Identify each line below that contains the word "ENCODER", and copy it out.

Top of RECORDS SHOWN

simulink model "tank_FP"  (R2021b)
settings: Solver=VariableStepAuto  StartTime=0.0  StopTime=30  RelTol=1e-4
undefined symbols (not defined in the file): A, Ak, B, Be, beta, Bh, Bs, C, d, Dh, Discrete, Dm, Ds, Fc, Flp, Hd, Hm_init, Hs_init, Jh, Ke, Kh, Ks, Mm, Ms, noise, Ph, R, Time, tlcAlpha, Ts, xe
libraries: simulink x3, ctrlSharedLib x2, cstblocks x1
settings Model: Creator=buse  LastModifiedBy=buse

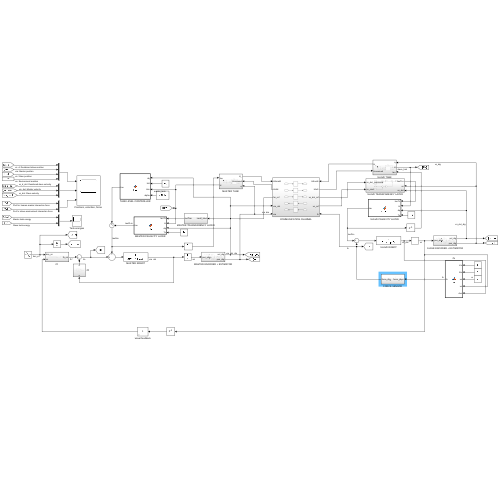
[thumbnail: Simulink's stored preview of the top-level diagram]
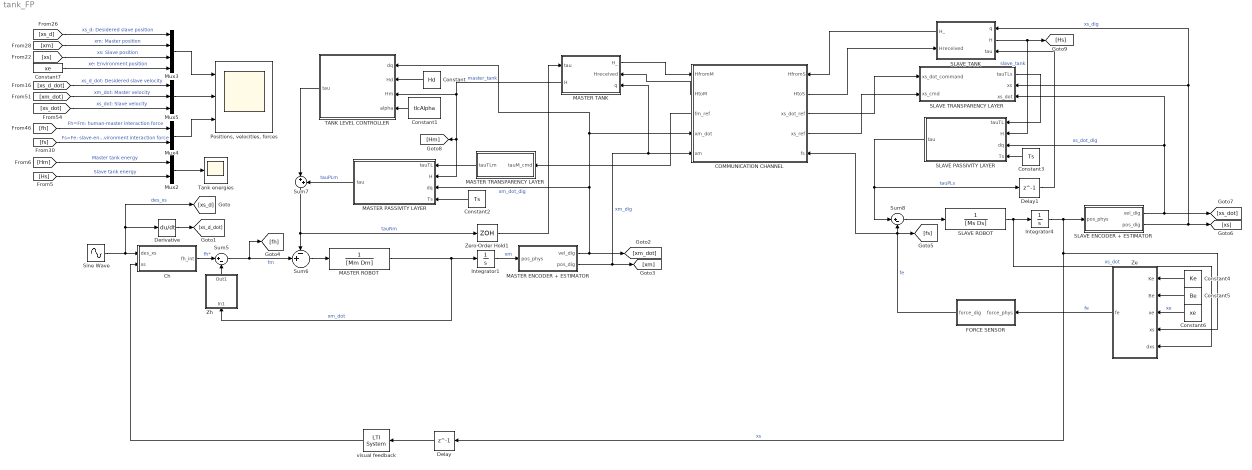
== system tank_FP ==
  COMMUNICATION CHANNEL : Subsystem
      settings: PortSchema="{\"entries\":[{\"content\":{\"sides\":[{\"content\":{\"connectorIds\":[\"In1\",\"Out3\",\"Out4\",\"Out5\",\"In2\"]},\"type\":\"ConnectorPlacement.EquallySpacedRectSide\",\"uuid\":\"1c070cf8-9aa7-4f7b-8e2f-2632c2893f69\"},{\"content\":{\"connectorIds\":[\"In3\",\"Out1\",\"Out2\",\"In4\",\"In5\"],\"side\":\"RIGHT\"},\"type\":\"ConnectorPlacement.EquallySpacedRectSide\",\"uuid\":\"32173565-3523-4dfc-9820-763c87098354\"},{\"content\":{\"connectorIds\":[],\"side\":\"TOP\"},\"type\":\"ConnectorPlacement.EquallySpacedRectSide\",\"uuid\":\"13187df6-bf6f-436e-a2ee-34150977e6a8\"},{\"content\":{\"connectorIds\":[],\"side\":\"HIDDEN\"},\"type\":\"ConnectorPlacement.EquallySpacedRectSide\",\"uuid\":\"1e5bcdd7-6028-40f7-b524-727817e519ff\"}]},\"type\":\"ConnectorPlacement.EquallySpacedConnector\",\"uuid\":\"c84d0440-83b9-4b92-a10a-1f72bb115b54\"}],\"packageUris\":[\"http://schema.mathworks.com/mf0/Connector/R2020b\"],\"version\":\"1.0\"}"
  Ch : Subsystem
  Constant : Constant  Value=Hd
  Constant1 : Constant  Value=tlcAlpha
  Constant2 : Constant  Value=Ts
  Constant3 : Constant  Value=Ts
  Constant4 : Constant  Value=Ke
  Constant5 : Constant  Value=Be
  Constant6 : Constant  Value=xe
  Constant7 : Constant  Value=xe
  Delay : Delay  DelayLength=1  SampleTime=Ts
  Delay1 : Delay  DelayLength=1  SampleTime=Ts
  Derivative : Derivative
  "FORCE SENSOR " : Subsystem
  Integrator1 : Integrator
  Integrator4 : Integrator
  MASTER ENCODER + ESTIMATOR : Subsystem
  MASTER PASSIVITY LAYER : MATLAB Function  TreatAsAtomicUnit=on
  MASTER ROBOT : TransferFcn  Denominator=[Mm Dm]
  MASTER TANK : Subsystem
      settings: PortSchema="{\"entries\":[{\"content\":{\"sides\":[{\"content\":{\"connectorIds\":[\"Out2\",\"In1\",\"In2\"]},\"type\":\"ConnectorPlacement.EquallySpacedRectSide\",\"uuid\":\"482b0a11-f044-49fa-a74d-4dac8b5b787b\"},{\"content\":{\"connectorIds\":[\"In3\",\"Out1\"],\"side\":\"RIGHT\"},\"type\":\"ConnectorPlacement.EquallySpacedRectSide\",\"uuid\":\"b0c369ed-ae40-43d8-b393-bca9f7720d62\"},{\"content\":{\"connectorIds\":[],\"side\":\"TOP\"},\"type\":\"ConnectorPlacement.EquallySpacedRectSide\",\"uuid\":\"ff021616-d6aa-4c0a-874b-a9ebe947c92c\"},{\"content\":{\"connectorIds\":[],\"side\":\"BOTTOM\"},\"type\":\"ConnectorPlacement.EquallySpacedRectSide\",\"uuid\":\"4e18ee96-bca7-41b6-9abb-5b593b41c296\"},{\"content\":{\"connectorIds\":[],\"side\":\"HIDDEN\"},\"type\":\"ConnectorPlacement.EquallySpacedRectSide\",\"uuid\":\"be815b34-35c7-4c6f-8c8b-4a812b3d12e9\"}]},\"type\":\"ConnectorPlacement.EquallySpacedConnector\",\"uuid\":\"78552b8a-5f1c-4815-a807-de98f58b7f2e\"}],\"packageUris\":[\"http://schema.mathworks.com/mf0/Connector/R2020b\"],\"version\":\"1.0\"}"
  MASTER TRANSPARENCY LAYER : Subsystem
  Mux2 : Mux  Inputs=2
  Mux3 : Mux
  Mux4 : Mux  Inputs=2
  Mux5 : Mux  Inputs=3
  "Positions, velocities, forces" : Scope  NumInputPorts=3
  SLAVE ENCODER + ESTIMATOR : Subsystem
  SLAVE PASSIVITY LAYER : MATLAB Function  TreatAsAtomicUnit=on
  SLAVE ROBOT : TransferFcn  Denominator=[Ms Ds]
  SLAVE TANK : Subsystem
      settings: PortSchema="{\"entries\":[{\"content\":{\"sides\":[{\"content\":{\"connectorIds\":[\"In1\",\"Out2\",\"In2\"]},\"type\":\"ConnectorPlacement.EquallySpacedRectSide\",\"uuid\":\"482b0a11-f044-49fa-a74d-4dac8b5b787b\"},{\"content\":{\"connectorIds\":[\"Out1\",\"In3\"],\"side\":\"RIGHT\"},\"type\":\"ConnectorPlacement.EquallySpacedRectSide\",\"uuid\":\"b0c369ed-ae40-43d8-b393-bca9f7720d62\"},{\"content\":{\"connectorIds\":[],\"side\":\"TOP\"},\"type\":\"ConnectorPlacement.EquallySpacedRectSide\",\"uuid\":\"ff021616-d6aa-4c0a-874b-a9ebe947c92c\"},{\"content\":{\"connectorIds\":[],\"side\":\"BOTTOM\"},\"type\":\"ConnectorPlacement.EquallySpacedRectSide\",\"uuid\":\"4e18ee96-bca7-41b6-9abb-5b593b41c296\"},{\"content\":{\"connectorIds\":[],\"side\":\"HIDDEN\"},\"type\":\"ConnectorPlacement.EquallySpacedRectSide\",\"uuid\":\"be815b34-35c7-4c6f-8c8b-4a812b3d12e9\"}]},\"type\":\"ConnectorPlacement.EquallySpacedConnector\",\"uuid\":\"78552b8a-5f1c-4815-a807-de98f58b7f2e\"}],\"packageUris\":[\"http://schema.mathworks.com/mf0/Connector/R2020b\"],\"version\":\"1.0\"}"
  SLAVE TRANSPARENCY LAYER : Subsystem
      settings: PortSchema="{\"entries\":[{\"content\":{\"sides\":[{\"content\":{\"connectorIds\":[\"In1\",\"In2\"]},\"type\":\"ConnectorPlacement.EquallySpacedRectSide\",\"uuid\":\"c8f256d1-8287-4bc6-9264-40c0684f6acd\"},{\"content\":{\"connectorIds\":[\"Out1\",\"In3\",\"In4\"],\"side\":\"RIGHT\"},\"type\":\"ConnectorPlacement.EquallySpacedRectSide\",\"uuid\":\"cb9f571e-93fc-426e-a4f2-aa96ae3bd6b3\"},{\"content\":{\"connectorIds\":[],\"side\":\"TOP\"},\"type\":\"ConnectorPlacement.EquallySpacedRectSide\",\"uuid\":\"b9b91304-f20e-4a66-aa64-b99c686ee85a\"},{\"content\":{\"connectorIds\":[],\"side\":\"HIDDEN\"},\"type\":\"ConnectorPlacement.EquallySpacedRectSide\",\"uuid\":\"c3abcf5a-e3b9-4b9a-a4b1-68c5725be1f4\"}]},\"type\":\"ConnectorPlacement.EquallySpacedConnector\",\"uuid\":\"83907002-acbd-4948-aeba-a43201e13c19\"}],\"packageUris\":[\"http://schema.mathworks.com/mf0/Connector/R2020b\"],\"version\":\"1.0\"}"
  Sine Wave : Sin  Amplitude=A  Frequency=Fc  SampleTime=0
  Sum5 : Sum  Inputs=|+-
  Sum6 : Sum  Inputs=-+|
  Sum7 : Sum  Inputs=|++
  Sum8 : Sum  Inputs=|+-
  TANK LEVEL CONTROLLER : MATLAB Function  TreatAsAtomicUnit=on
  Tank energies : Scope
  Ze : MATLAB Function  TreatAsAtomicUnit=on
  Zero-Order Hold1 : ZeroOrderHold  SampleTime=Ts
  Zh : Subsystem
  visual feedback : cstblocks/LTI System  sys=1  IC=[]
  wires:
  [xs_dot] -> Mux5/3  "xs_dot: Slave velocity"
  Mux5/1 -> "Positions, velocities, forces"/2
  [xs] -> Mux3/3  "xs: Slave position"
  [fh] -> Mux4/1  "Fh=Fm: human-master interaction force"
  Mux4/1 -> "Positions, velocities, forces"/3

Bottom of RECORDS SHOWN

- **RESULT OF THE TASK**
  MASTER ENCODER + ESTIMATOR : Subsystem
  SLAVE ENCODER + ESTIMATOR : Subsystem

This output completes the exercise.